_EXERCISE OBJECTIVE_
Copy out every line of the data that has the word "part" somewhere in it.

▶

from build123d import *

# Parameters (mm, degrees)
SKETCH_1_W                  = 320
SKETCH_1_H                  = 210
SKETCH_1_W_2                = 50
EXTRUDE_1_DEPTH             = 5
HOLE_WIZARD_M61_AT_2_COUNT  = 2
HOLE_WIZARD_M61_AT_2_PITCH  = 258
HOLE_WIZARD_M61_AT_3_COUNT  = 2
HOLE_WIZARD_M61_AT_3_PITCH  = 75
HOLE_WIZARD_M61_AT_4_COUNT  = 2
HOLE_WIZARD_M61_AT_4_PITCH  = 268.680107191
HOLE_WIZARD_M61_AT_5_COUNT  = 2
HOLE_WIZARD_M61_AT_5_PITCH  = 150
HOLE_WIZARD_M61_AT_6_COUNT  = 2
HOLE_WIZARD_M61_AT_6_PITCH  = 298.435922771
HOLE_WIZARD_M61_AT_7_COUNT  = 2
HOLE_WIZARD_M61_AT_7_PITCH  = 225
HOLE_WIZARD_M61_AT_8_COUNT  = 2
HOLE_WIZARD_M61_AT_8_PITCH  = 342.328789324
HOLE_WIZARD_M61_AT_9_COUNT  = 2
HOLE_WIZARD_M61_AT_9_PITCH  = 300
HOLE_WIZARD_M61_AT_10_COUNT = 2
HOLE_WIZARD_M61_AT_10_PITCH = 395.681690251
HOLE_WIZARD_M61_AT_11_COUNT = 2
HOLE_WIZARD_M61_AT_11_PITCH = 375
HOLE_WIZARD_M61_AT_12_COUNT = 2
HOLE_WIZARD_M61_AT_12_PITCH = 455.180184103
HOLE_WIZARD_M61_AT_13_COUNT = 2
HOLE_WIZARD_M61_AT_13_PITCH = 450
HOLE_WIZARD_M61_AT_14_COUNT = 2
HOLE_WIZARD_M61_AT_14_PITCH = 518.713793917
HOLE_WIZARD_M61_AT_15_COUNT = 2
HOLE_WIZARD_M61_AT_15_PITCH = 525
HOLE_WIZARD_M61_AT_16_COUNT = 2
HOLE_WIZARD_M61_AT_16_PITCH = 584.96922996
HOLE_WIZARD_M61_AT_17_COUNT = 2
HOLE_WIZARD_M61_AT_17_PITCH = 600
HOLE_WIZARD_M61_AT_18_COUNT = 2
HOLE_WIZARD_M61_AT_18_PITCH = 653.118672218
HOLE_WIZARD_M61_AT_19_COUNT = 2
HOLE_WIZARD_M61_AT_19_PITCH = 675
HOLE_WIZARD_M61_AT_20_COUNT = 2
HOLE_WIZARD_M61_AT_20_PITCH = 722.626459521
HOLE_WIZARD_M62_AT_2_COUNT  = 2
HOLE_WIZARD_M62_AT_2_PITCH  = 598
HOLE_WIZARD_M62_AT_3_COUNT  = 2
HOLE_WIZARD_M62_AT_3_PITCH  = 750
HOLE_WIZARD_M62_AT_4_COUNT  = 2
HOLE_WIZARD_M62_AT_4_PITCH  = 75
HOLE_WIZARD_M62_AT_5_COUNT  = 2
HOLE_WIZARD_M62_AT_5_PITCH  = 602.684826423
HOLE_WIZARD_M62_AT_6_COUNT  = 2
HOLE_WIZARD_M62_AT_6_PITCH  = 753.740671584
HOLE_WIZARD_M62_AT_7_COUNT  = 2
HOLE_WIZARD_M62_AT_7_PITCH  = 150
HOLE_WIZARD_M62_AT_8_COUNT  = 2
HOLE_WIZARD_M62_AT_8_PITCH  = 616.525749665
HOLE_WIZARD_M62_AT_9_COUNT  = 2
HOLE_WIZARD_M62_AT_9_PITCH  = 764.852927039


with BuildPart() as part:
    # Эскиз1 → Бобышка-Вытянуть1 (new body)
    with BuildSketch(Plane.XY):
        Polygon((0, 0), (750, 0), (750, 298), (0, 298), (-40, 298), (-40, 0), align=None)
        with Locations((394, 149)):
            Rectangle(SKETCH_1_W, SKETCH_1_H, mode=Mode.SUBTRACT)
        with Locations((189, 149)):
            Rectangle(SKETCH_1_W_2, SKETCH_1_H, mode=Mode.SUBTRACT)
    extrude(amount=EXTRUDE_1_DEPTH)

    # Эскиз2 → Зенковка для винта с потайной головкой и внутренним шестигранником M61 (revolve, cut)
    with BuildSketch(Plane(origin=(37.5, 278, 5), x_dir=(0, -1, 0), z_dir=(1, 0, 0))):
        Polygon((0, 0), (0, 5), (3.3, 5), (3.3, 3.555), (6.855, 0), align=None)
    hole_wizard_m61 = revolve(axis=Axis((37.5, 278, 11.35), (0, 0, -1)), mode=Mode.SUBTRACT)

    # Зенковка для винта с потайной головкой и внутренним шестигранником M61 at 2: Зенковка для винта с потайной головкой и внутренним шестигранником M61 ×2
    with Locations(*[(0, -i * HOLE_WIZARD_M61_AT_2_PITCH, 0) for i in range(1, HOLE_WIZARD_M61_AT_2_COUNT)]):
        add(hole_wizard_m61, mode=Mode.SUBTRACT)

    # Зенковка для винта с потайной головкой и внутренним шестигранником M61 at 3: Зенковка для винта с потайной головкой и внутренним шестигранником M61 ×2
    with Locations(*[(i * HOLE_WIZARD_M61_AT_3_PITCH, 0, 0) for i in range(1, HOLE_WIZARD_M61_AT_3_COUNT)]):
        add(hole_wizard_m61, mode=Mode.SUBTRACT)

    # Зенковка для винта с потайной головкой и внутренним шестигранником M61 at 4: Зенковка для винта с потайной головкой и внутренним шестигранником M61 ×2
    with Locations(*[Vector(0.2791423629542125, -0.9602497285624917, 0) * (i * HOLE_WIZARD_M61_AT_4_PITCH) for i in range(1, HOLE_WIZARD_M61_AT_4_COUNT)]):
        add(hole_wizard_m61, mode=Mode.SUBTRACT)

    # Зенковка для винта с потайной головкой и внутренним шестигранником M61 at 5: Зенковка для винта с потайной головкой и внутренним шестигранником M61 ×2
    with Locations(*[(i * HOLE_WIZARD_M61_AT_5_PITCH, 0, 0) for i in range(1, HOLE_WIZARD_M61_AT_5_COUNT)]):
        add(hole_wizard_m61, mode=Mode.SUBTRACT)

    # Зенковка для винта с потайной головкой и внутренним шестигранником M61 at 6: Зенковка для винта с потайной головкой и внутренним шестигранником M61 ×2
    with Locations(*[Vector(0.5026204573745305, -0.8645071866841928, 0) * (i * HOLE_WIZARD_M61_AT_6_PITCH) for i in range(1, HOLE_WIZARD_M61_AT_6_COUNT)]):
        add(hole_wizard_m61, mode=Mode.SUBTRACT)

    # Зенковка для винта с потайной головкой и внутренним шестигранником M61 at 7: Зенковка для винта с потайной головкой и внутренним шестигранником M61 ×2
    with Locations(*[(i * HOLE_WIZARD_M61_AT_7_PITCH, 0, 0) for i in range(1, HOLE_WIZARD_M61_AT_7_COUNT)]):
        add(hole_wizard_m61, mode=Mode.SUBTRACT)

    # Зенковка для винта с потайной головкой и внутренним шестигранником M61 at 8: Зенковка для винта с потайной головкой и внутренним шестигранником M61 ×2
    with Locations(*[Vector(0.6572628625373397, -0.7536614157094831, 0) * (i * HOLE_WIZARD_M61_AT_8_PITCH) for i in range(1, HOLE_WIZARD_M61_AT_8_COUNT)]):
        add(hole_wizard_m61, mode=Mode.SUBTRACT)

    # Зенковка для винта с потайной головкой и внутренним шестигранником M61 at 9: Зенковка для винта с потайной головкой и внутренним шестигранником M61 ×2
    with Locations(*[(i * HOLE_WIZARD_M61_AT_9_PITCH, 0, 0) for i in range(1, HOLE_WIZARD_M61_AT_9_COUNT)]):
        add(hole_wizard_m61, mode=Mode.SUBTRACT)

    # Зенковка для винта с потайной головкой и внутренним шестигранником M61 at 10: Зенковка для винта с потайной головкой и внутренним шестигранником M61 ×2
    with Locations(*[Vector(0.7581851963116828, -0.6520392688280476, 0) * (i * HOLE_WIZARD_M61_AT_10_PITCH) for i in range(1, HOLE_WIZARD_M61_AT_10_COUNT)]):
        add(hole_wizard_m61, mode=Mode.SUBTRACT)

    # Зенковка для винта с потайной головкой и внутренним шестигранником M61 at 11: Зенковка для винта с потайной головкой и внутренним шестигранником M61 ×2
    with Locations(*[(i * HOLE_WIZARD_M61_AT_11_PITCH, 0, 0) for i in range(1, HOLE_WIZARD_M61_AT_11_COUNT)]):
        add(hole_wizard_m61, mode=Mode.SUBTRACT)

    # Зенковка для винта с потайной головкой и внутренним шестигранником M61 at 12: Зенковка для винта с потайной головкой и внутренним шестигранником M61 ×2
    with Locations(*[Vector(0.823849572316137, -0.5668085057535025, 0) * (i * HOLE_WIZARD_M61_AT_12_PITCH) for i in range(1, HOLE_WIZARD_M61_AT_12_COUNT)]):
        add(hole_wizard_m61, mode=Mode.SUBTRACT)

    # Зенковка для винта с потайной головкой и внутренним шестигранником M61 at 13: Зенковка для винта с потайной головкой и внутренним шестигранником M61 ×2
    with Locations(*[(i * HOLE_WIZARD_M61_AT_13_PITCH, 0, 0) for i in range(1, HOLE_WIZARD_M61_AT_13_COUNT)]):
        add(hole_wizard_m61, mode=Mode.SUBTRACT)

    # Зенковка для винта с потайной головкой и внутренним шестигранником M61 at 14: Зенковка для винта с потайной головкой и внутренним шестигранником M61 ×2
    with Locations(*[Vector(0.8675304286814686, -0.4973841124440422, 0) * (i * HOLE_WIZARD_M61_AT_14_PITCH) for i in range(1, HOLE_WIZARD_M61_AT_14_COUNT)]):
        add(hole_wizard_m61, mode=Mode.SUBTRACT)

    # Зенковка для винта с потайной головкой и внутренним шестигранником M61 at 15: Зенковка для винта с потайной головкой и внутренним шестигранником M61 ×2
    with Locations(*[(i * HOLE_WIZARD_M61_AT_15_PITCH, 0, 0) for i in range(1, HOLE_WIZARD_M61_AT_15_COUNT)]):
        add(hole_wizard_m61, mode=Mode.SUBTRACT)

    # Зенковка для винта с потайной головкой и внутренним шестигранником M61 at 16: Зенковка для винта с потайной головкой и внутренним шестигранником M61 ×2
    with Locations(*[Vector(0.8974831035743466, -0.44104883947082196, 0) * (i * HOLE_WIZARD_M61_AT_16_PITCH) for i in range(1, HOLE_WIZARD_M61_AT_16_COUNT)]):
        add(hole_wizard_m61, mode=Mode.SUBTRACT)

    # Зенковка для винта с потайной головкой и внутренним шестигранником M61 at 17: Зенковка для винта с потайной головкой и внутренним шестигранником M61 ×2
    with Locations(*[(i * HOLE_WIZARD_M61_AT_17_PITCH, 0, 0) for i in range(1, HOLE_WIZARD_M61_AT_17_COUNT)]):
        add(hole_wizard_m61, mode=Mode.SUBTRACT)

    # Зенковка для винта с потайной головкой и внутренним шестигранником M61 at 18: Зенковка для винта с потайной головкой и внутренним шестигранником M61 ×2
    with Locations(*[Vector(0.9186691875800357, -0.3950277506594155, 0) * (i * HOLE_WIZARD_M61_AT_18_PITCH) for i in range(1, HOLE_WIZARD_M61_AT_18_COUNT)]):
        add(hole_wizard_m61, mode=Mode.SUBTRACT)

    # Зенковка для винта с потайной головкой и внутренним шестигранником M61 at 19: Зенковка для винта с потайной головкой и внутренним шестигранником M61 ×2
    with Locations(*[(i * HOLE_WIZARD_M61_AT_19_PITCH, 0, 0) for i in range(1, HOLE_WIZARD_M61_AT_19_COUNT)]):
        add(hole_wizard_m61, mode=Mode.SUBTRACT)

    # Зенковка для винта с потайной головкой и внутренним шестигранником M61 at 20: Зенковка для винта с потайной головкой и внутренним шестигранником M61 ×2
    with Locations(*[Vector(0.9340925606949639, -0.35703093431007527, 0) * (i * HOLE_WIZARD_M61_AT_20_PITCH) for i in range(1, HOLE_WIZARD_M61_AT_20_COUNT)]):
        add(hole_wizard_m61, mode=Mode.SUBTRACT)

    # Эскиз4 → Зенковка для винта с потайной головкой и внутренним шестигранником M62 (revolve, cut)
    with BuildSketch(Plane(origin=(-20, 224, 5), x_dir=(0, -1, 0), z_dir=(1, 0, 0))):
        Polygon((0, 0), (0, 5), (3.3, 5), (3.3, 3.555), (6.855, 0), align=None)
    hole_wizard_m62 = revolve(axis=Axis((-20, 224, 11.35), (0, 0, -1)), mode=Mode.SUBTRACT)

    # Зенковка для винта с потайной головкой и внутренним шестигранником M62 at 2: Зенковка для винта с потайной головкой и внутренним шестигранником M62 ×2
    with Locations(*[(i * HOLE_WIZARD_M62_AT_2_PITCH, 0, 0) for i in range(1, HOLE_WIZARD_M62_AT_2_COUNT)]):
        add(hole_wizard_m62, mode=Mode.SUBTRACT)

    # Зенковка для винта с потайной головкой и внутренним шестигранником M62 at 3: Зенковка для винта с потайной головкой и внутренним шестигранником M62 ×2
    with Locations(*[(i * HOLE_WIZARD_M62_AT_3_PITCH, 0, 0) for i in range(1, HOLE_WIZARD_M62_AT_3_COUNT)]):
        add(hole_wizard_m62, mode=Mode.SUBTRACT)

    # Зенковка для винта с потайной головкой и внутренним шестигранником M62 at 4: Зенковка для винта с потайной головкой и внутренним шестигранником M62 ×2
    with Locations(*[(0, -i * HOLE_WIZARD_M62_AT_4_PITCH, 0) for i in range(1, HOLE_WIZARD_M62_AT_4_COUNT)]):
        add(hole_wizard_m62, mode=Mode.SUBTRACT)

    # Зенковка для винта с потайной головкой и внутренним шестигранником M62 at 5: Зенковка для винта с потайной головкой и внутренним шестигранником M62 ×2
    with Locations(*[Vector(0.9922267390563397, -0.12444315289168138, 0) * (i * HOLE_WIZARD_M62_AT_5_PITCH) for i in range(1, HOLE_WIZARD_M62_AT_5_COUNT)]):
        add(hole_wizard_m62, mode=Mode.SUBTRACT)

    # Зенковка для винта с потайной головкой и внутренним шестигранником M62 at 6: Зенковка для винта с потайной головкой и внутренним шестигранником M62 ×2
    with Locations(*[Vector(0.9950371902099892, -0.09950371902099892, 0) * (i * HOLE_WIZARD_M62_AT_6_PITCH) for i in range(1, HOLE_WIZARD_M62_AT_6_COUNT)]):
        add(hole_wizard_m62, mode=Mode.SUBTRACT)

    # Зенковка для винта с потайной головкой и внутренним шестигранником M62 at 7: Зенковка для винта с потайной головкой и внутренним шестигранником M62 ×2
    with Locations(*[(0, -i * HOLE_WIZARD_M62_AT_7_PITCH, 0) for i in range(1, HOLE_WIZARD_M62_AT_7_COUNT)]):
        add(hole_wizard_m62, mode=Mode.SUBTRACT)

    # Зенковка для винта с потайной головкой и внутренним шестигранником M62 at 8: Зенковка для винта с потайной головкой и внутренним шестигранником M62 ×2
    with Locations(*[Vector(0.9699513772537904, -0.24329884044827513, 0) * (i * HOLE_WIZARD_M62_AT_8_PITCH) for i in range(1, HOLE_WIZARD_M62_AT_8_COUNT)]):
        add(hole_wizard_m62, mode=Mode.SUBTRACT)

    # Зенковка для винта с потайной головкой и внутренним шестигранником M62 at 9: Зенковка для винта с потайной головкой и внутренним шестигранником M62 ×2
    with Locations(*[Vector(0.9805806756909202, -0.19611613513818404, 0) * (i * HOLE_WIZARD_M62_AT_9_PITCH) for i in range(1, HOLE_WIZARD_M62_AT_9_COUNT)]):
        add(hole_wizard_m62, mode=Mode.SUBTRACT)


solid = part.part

◀

_TASK RESULT_
with BuildPart() as part:
solid = part.part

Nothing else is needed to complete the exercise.